Supplied records

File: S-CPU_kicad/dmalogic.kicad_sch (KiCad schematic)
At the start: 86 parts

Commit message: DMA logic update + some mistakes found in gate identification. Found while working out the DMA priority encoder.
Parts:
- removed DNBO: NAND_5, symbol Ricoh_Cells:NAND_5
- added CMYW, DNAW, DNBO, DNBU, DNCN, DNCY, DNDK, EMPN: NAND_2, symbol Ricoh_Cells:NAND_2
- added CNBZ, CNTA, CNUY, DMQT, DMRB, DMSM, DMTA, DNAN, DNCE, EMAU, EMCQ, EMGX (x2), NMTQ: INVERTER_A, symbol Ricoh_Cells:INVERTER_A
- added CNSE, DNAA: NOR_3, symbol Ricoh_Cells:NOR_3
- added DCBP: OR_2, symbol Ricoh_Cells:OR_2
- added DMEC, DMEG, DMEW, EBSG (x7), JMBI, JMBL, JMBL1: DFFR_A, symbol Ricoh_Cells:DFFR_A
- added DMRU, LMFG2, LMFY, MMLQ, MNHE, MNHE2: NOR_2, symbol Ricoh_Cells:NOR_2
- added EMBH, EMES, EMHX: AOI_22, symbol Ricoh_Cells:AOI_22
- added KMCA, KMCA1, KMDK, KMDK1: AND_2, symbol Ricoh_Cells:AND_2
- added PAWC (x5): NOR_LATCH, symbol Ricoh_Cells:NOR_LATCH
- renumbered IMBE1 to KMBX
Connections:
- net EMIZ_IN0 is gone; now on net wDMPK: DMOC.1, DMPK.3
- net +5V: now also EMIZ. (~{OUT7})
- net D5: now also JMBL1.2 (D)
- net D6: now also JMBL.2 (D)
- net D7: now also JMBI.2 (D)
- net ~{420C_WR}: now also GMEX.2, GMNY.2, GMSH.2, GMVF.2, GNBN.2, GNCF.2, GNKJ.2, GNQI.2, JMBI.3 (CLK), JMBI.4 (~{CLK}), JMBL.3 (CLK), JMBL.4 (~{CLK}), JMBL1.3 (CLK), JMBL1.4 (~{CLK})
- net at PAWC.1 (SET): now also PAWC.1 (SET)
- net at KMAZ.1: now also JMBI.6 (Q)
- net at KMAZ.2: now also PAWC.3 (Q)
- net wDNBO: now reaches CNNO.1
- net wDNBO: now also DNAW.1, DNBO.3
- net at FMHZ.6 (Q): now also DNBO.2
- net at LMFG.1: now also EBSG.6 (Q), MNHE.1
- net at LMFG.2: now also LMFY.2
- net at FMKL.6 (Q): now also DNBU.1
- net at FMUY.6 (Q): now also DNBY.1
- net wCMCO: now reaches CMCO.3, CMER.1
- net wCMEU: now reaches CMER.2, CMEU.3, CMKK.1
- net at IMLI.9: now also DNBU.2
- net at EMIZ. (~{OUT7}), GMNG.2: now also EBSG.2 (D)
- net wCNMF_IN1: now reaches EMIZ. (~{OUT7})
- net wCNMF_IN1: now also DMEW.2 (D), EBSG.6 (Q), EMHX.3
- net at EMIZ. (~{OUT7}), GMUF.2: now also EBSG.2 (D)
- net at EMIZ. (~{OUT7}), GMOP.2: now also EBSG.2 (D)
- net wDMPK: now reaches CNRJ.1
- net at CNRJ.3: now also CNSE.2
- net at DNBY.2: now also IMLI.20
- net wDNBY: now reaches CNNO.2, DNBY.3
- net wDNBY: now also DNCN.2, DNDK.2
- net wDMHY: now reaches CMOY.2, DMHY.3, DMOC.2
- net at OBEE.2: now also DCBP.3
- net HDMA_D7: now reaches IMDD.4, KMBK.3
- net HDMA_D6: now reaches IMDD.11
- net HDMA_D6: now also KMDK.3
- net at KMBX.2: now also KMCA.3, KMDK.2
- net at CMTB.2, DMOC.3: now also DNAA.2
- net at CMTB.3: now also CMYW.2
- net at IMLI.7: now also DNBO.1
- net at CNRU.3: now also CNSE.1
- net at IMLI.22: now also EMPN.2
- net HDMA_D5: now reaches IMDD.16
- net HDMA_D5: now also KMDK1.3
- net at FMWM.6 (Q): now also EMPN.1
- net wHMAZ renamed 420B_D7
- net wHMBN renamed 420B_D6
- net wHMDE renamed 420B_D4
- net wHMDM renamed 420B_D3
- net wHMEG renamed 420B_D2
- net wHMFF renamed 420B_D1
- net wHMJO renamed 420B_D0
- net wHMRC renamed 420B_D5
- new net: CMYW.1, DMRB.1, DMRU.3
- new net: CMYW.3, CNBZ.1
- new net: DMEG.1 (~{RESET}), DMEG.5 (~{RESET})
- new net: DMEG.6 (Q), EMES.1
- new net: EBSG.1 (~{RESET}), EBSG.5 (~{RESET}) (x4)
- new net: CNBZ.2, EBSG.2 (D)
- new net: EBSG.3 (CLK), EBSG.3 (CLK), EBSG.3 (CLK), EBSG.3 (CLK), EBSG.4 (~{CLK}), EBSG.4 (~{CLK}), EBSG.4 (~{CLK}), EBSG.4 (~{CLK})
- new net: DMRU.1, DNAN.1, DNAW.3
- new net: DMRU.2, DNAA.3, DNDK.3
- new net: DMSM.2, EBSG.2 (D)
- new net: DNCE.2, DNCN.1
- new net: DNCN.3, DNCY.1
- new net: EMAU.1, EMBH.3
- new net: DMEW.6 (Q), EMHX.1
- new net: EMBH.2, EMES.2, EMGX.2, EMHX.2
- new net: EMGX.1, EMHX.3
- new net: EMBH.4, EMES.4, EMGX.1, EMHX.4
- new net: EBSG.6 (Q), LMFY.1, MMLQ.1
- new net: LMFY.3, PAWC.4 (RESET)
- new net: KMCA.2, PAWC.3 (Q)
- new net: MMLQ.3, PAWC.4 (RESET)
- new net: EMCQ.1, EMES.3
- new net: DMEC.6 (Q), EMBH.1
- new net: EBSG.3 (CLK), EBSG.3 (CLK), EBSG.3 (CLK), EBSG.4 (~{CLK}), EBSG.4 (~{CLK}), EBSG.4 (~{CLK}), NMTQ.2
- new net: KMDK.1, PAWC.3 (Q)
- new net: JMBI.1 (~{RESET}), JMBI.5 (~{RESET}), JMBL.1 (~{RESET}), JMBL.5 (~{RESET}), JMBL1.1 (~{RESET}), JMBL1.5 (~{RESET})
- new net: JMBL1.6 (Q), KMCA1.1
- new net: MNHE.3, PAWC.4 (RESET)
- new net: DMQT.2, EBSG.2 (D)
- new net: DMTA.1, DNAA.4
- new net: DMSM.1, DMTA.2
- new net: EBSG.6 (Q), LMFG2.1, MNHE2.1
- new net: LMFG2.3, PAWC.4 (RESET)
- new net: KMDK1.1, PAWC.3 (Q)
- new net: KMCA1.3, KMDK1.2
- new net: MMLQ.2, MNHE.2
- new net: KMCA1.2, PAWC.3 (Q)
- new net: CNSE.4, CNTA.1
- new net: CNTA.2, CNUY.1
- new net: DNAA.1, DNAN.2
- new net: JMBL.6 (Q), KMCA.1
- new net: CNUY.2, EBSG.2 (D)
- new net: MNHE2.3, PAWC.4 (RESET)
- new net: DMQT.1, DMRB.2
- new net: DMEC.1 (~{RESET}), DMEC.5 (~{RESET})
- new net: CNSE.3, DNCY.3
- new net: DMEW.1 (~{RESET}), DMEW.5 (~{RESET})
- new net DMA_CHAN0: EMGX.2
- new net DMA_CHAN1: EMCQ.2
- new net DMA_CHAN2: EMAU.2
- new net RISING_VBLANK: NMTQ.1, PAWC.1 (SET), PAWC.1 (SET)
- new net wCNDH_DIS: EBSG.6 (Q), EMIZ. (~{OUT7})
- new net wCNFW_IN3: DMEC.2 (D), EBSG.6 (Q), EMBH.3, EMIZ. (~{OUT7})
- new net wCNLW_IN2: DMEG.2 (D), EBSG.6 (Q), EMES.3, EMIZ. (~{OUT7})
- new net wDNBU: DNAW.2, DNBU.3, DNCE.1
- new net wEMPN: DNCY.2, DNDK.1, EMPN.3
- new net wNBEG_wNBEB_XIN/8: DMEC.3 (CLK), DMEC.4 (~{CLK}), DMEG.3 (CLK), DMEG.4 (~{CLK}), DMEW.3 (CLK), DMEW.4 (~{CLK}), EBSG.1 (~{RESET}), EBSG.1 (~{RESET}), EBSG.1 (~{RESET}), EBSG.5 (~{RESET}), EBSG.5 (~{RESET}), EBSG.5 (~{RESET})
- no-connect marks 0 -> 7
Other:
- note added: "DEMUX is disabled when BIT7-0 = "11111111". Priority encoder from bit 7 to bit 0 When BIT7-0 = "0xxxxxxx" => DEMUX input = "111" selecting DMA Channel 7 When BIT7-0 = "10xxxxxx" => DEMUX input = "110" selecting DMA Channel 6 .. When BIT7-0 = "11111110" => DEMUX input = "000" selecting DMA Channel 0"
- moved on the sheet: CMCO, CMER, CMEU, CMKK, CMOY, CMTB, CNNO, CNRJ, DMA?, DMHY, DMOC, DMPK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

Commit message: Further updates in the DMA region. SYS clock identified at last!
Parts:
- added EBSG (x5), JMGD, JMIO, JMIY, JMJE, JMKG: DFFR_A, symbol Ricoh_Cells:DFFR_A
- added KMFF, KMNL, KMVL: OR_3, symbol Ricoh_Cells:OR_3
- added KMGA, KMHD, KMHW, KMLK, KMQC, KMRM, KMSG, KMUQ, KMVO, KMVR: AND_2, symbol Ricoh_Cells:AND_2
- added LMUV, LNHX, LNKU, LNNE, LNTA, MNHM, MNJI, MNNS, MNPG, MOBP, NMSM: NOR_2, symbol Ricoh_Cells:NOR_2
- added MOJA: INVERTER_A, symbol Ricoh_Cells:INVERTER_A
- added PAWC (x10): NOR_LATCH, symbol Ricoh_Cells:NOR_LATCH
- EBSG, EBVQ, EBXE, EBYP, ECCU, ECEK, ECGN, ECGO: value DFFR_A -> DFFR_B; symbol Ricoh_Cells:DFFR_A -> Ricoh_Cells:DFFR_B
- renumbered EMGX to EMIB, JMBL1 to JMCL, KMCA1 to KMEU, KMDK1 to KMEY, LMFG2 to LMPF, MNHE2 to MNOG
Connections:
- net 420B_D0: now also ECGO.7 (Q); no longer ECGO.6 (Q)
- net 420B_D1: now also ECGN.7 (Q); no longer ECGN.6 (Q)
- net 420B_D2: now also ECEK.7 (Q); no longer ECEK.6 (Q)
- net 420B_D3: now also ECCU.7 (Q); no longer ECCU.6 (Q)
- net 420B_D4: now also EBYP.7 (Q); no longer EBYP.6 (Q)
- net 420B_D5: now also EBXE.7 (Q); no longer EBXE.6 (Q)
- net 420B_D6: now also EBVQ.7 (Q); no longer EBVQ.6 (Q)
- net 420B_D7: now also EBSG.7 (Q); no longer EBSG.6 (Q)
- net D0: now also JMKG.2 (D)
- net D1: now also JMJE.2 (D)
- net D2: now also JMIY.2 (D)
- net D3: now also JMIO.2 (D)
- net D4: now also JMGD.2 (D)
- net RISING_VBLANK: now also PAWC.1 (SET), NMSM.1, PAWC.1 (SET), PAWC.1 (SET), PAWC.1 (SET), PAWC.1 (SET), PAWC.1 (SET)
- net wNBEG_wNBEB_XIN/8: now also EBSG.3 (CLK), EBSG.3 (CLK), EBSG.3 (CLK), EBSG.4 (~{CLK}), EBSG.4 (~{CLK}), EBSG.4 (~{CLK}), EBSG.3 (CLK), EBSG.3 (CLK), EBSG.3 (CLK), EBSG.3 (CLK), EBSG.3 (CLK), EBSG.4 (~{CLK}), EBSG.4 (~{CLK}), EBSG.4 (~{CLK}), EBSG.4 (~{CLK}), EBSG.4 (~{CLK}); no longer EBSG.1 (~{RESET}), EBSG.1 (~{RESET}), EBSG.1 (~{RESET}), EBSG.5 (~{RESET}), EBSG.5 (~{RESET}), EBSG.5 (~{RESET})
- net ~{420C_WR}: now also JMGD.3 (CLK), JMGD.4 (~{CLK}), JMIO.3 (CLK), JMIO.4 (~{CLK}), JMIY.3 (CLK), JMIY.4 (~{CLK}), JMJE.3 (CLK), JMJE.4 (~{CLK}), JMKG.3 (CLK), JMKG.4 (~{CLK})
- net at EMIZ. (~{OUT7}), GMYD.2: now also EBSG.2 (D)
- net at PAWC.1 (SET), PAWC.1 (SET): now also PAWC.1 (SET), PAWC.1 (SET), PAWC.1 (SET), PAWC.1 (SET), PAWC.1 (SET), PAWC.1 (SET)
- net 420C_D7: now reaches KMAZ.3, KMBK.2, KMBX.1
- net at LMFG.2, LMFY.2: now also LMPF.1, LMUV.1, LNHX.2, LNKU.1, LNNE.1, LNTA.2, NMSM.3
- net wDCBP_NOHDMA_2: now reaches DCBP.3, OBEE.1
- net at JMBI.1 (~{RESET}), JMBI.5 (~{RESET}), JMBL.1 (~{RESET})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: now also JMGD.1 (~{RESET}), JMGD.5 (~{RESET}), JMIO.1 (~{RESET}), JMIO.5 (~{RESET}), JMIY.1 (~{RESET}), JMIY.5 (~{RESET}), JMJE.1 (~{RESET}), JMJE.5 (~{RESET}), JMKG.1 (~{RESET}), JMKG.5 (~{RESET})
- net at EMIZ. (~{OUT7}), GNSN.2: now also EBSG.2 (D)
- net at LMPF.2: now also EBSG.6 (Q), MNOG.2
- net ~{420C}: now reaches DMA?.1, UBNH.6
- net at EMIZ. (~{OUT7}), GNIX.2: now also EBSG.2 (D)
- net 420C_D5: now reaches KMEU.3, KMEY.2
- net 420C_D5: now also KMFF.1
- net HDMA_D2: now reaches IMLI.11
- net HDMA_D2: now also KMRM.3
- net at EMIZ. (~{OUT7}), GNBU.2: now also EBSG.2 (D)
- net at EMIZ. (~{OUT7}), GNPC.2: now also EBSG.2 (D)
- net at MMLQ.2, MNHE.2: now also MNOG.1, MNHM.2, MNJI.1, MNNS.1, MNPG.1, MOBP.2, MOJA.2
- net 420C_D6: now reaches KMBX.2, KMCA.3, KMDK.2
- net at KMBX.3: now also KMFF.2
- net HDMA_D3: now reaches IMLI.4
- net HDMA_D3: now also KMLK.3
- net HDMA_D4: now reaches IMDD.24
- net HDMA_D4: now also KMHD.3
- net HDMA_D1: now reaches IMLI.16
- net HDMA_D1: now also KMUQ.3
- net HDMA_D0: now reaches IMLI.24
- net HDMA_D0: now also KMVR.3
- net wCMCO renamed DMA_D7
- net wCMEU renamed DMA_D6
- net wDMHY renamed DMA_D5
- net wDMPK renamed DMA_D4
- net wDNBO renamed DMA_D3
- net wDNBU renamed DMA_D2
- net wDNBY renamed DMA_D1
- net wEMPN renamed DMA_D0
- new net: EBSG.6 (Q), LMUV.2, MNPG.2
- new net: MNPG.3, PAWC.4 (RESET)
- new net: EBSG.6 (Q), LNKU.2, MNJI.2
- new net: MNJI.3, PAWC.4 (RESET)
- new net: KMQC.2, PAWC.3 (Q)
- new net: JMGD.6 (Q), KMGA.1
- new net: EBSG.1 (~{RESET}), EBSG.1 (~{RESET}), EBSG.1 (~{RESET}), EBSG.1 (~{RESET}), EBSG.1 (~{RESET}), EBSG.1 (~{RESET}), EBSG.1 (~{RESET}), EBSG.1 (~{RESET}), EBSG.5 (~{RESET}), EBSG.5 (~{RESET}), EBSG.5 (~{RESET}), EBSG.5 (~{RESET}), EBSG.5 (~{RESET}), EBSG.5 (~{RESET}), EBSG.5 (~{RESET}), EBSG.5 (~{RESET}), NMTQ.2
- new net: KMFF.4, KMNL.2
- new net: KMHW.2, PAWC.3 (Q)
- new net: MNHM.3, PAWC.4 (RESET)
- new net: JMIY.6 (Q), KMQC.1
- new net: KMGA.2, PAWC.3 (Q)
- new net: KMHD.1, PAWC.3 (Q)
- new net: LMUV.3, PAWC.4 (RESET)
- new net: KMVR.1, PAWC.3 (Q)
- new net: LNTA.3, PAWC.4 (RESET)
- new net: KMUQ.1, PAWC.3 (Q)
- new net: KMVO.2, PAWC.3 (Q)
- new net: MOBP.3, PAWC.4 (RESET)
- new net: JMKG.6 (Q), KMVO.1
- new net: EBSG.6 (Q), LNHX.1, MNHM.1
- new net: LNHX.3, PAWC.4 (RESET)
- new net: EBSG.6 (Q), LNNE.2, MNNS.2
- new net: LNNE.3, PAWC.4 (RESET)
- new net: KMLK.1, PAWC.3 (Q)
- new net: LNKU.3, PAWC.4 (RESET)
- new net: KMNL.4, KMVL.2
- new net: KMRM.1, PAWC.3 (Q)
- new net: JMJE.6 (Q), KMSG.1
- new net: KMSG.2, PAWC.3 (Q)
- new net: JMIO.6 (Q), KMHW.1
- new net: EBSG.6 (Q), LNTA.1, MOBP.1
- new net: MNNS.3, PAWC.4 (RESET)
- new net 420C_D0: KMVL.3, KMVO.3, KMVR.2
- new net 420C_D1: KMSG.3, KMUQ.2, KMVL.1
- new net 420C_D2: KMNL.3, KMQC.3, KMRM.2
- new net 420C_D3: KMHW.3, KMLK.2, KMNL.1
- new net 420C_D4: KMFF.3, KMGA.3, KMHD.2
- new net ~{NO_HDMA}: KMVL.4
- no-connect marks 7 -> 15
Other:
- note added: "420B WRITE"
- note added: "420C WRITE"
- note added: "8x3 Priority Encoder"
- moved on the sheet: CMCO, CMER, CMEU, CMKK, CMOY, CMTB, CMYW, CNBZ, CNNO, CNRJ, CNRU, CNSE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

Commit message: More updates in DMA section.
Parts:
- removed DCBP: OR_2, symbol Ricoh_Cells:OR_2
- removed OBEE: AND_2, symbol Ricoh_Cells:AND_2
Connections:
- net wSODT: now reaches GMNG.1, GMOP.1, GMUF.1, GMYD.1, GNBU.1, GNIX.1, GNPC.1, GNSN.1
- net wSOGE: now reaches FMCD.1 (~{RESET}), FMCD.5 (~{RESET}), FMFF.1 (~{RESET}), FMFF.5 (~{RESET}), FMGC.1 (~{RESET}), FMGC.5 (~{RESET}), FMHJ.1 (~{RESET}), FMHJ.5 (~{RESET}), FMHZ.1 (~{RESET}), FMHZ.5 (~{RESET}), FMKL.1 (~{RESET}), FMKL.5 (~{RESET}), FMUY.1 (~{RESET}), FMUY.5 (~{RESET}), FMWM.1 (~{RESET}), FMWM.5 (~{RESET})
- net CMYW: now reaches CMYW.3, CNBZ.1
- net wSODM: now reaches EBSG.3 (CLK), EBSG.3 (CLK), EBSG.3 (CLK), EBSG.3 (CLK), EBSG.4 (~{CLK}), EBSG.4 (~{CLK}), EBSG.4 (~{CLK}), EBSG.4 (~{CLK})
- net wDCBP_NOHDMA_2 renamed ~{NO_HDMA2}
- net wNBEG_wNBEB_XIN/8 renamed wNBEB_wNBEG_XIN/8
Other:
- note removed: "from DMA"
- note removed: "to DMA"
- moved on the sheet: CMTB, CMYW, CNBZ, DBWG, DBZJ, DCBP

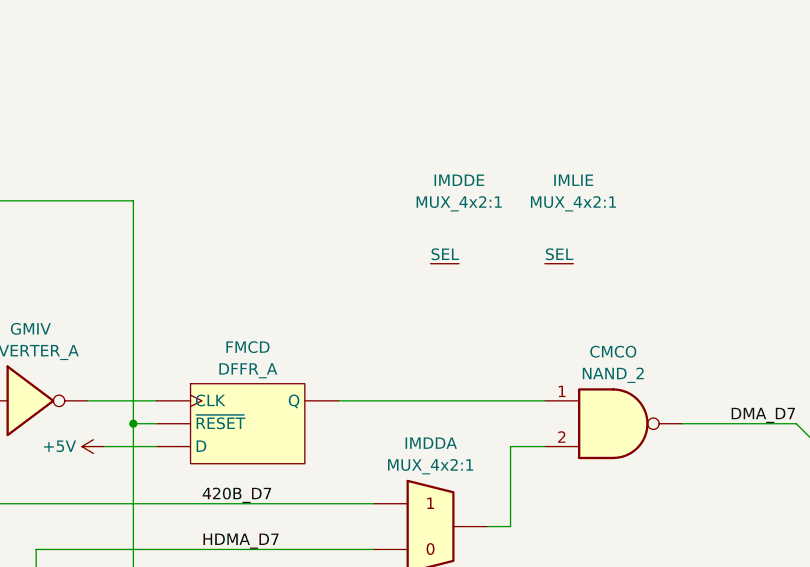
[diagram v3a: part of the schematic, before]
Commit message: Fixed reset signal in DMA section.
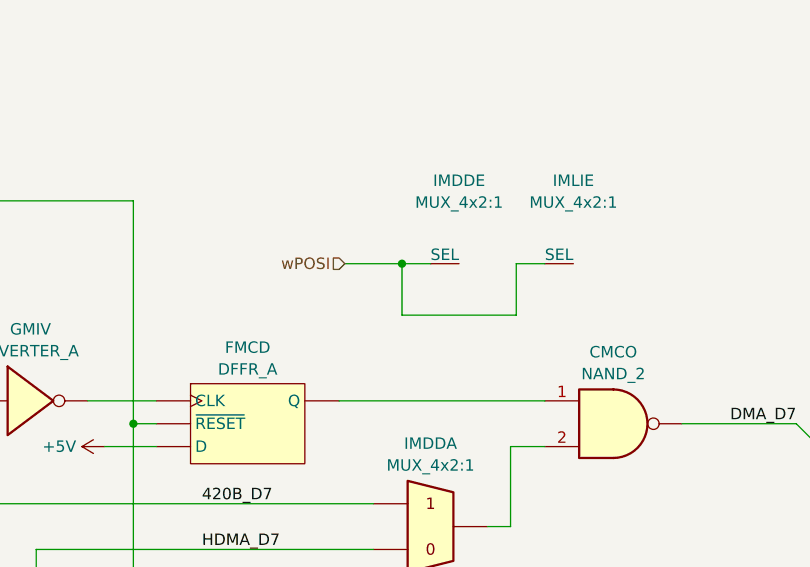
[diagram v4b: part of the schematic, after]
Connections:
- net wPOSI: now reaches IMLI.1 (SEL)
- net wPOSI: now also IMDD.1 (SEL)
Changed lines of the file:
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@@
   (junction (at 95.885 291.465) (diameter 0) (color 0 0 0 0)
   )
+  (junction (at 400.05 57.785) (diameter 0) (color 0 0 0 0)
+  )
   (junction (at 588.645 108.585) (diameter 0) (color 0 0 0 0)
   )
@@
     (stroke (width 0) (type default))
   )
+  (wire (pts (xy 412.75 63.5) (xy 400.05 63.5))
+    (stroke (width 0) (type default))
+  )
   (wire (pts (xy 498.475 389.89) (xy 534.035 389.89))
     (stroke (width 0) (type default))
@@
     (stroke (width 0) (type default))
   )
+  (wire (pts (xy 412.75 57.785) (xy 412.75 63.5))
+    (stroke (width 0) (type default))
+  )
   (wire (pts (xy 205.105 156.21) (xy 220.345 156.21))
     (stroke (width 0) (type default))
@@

Work to be completed
Pick from the records each line that contains the word "GMYD" and show it.

Task output
- net at EMIZ. (~{OUT7}), GMYD.2: now also EBSG.2 (D)
- net wSODT: now reaches GMNG.1, GMOP.1, GMUF.1, GMYD.1, GNBU.1, GNIX.1, GNPC.1, GNSN.1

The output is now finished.